[Opening Records supplied section]

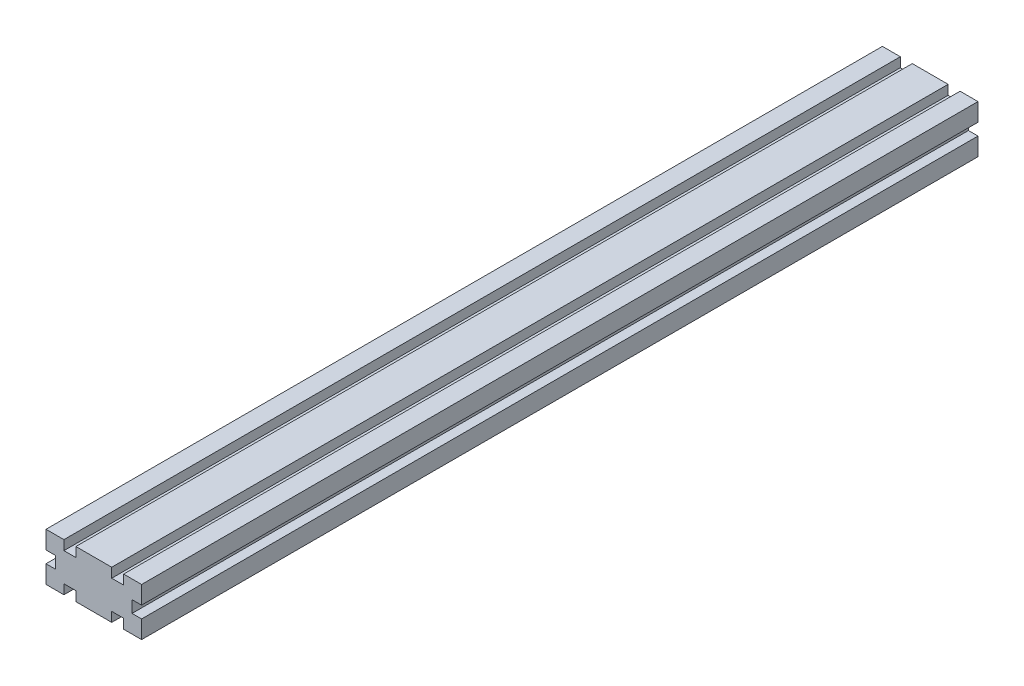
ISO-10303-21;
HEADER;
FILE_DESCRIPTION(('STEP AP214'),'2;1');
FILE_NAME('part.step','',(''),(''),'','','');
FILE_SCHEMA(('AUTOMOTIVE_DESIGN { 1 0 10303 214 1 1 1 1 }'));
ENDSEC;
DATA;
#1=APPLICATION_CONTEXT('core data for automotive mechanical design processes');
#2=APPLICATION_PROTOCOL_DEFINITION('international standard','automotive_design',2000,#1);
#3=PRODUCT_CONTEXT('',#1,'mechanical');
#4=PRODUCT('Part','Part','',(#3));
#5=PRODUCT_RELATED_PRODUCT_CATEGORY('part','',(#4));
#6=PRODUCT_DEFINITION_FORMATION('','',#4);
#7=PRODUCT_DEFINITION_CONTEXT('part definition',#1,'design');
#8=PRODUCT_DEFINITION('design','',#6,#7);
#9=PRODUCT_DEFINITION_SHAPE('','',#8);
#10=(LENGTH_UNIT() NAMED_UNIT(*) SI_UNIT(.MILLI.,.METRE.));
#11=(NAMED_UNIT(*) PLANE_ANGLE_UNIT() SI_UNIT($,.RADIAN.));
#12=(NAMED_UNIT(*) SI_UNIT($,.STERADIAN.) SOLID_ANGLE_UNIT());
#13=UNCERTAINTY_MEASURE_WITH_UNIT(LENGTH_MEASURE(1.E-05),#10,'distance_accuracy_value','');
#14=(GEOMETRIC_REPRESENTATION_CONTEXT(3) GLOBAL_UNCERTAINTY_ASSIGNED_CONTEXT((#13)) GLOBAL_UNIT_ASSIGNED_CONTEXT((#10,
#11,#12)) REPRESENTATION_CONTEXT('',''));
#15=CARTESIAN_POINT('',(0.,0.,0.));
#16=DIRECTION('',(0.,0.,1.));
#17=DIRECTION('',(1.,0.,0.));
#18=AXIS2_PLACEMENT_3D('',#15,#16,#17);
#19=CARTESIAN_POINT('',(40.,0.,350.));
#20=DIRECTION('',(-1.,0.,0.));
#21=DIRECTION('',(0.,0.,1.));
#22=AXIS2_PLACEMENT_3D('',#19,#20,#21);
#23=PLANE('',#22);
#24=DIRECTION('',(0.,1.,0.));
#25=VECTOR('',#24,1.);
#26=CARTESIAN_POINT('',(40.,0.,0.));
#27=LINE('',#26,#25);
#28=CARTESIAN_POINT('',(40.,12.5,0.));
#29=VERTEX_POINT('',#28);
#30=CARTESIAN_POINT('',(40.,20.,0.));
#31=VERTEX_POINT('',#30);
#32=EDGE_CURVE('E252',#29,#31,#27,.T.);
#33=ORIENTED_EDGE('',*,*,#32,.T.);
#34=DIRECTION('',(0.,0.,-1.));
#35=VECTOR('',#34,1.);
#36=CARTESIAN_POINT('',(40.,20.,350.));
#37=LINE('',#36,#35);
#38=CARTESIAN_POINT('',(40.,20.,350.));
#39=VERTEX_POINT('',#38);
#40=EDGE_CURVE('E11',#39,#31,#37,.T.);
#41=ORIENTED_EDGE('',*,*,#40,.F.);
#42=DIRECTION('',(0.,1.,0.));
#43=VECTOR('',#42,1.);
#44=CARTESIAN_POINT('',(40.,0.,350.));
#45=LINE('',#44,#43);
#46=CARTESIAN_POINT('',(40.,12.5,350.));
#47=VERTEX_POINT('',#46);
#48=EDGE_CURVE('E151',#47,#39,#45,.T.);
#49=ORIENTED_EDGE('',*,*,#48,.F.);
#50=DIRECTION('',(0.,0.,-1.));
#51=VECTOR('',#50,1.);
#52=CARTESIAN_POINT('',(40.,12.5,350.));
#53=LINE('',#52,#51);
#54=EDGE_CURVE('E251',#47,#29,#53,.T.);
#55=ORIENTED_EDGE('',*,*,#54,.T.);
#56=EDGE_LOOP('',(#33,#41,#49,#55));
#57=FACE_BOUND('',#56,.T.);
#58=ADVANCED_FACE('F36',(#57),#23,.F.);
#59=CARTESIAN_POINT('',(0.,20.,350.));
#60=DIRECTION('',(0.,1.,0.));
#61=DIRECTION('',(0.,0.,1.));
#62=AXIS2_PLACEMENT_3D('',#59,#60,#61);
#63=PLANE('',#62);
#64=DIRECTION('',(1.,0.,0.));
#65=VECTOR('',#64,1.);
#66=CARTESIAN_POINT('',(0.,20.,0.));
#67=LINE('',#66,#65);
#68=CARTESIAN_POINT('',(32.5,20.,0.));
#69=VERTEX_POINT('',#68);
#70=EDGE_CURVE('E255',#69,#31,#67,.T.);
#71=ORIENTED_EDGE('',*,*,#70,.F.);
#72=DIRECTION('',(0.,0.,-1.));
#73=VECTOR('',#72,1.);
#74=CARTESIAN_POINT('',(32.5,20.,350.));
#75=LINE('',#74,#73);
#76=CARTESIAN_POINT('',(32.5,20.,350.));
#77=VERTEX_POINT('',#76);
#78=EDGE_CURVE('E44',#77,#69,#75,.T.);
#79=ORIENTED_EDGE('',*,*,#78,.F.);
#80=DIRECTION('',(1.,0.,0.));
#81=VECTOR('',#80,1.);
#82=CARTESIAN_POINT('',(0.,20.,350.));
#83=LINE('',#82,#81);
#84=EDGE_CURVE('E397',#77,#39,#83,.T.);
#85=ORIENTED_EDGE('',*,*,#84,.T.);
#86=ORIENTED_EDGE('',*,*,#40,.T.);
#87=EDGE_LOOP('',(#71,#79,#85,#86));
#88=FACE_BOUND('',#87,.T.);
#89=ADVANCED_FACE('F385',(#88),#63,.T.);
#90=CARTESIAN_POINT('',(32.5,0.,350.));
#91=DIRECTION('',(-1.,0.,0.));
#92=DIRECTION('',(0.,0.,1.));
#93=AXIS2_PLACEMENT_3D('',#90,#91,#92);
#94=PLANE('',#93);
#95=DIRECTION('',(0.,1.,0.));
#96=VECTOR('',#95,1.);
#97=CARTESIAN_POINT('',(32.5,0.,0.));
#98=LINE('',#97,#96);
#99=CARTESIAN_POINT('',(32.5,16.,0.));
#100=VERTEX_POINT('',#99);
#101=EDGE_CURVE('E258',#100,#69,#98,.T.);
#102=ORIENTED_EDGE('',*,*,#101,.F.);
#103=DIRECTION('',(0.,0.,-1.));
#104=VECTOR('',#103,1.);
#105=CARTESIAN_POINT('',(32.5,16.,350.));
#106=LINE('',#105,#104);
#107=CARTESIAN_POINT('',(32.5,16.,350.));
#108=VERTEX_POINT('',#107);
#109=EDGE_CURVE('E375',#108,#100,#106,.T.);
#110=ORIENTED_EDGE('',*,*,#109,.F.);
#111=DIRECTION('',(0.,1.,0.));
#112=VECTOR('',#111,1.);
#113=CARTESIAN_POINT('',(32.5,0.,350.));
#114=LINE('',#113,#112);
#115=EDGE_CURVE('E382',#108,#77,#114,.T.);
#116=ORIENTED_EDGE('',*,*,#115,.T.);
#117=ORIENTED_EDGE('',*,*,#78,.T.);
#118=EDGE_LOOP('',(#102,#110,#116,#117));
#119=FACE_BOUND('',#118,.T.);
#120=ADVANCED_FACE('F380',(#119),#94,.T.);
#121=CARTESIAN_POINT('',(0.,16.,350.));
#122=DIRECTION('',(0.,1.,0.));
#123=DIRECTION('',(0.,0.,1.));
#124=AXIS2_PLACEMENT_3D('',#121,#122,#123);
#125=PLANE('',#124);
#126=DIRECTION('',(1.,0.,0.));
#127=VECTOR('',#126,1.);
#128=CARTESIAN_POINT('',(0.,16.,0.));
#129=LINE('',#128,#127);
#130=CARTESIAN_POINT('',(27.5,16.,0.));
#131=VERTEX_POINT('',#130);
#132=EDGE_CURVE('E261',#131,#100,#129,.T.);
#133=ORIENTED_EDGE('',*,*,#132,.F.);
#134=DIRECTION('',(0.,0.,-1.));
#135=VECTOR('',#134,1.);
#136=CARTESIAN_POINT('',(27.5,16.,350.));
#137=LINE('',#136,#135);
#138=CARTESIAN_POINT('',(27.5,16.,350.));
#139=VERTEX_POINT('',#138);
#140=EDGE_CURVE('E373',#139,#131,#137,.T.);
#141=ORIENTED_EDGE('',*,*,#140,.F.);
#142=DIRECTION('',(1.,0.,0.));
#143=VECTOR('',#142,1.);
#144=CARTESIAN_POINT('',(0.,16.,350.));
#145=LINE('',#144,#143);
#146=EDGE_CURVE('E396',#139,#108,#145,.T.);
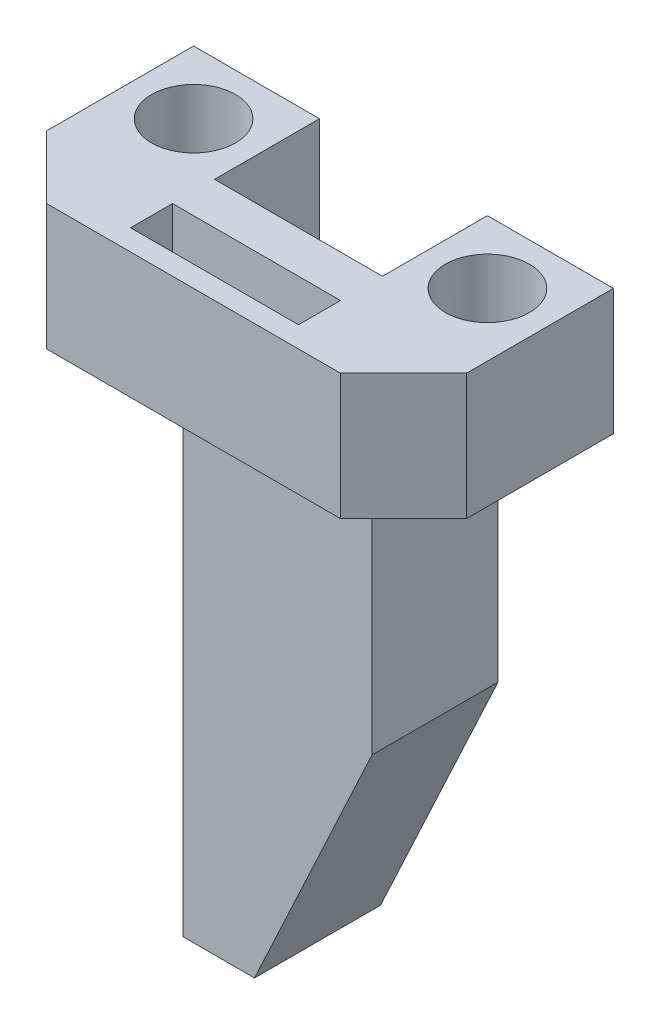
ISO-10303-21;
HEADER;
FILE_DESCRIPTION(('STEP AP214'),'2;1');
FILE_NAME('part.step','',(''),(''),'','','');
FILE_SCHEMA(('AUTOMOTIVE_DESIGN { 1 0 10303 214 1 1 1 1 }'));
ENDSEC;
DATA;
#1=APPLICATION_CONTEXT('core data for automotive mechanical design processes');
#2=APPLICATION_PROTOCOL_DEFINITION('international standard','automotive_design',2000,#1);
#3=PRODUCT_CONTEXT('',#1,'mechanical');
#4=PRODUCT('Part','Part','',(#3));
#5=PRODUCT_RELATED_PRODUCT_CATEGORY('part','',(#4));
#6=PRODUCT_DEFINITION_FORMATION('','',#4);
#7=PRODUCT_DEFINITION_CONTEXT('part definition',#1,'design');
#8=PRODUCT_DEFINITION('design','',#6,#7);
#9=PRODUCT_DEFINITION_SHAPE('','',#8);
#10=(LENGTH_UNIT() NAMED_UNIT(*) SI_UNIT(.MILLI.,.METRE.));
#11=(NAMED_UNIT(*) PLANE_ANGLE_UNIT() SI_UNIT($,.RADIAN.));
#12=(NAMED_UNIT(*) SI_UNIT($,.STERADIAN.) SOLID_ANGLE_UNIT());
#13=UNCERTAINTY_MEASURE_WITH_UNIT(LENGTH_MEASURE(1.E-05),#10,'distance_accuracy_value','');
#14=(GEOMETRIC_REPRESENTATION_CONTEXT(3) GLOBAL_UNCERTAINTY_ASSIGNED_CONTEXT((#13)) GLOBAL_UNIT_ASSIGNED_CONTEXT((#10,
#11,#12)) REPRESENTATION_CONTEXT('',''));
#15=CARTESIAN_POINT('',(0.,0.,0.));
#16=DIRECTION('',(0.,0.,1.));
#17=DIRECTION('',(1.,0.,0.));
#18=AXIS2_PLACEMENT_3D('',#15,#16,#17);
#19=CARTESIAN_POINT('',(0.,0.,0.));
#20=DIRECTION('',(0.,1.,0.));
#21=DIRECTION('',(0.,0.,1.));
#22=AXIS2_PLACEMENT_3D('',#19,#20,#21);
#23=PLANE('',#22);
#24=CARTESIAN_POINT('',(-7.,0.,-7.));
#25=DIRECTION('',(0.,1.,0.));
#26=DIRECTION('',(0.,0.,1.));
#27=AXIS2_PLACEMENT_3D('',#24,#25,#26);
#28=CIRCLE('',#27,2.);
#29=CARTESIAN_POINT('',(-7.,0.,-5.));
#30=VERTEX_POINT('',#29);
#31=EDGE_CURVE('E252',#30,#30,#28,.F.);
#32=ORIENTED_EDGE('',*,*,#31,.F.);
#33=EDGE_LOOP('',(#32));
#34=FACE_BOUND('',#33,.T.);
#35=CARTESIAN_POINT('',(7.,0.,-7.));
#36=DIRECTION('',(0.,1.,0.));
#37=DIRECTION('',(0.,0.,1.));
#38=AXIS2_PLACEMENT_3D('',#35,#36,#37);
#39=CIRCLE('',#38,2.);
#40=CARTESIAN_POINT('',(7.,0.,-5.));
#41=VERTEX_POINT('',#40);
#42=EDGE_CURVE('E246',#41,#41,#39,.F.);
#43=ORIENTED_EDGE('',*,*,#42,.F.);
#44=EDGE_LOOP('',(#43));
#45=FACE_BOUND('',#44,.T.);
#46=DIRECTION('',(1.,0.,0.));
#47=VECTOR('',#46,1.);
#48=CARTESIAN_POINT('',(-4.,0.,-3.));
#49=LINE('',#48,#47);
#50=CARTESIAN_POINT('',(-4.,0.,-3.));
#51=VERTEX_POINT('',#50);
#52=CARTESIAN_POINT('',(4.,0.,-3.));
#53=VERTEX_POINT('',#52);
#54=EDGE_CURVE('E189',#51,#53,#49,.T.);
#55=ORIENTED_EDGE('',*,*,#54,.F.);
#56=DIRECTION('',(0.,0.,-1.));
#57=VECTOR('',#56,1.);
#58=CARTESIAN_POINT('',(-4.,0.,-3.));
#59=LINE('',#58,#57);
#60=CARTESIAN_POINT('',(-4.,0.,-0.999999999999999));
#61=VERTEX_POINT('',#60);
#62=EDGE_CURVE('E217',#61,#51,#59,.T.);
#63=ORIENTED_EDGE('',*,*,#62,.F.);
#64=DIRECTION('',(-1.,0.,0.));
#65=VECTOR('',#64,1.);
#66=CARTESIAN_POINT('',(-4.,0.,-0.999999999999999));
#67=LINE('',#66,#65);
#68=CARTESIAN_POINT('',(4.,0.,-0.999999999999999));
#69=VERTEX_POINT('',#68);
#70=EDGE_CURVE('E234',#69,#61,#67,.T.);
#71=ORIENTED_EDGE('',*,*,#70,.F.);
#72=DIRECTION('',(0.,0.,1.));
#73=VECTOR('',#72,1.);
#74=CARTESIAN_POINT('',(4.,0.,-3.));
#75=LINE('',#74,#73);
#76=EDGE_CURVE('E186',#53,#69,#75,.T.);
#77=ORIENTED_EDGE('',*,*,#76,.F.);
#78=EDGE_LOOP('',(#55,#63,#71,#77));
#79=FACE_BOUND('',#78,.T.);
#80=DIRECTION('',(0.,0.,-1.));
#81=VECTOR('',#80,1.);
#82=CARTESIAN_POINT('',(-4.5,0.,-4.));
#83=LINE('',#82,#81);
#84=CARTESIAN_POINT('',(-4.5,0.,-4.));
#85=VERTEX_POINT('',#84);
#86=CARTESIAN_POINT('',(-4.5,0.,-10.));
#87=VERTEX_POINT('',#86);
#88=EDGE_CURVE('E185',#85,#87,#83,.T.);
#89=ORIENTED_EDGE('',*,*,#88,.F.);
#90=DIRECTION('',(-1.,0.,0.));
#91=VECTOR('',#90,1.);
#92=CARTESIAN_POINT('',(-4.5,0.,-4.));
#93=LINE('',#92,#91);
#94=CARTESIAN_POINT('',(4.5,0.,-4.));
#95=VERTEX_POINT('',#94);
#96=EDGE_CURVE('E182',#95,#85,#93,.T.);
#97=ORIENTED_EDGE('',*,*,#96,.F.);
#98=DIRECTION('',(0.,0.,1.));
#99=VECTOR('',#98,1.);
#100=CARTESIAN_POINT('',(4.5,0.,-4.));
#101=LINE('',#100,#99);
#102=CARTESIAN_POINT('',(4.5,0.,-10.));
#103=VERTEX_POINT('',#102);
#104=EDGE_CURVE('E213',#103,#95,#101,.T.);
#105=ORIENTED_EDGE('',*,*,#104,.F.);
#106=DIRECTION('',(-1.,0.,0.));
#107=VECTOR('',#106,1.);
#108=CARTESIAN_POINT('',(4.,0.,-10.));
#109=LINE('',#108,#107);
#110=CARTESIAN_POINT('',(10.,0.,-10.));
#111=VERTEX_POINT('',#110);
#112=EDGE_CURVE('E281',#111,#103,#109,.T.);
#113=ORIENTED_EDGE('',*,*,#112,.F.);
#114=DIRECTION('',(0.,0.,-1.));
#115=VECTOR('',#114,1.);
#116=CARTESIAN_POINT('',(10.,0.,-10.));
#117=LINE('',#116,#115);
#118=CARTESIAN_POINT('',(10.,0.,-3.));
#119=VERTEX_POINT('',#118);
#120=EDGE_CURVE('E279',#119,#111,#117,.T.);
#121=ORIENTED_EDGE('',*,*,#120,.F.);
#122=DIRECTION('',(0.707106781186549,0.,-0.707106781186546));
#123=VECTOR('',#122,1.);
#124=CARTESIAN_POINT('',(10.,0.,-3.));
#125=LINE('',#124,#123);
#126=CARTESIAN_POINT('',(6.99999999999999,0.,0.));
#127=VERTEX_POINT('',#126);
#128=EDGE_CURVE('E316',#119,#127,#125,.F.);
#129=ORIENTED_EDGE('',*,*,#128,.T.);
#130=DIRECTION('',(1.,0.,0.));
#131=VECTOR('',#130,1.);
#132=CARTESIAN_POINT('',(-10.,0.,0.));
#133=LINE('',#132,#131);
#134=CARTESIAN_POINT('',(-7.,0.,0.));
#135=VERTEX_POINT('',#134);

[Closing Records supplied section]

▶ _Your goal_
From the entries above, write out only the lines starting at the line that holds "#36=DIRECTION('',(0.,1.,0.));" and ending at the line that holds "#89=ORIENTED_EDGE('',*,*,#88,.F.);", keeping both and matching them exactly.

▶ _Result_
#36=DIRECTION('',(0.,1.,0.));
#37=DIRECTION('',(0.,0.,1.));
#38=AXIS2_PLACEMENT_3D('',#35,#36,#37);
#39=CIRCLE('',#38,2.);
#40=CARTESIAN_POINT('',(7.,0.,-5.));
#41=VERTEX_POINT('',#40);
#42=EDGE_CURVE('E246',#41,#41,#39,.F.);
#43=ORIENTED_EDGE('',*,*,#42,.F.);
#44=EDGE_LOOP('',(#43));
#45=FACE_BOUND('',#44,.T.);
#46=DIRECTION('',(1.,0.,0.));
#47=VECTOR('',#46,1.);
#48=CARTESIAN_POINT('',(-4.,0.,-3.));
#49=LINE('',#48,#47);
#50=CARTESIAN_POINT('',(-4.,0.,-3.));
#51=VERTEX_POINT('',#50);
#52=CARTESIAN_POINT('',(4.,0.,-3.));
#53=VERTEX_POINT('',#52);
#54=EDGE_CURVE('E189',#51,#53,#49,.T.);
#55=ORIENTED_EDGE('',*,*,#54,.F.);
#56=DIRECTION('',(0.,0.,-1.));
#57=VECTOR('',#56,1.);
#58=CARTESIAN_POINT('',(-4.,0.,-3.));
#59=LINE('',#58,#57);
#60=CARTESIAN_POINT('',(-4.,0.,-0.999999999999999));
#61=VERTEX_POINT('',#60);
#62=EDGE_CURVE('E217',#61,#51,#59,.T.);
#63=ORIENTED_EDGE('',*,*,#62,.F.);
#64=DIRECTION('',(-1.,0.,0.));
#65=VECTOR('',#64,1.);
#66=CARTESIAN_POINT('',(-4.,0.,-0.999999999999999));
#67=LINE('',#66,#65);
#68=CARTESIAN_POINT('',(4.,0.,-0.999999999999999));
#69=VERTEX_POINT('',#68);
#70=EDGE_CURVE('E234',#69,#61,#67,.T.);
#71=ORIENTED_EDGE('',*,*,#70,.F.);
#72=DIRECTION('',(0.,0.,1.));
#73=VECTOR('',#72,1.);
#74=CARTESIAN_POINT('',(4.,0.,-3.));
#75=LINE('',#74,#73);
#76=EDGE_CURVE('E186',#53,#69,#75,.T.);
#77=ORIENTED_EDGE('',*,*,#76,.F.);
#78=EDGE_LOOP('',(#55,#63,#71,#77));
#79=FACE_BOUND('',#78,.T.);
#80=DIRECTION('',(0.,0.,-1.));
#81=VECTOR('',#80,1.);
#82=CARTESIAN_POINT('',(-4.5,0.,-4.));
#83=LINE('',#82,#81);
#84=CARTESIAN_POINT('',(-4.5,0.,-4.));
#85=VERTEX_POINT('',#84);
#86=CARTESIAN_POINT('',(-4.5,0.,-10.));
#87=VERTEX_POINT('',#86);
#88=EDGE_CURVE('E185',#85,#87,#83,.T.);
#89=ORIENTED_EDGE('',*,*,#88,.F.);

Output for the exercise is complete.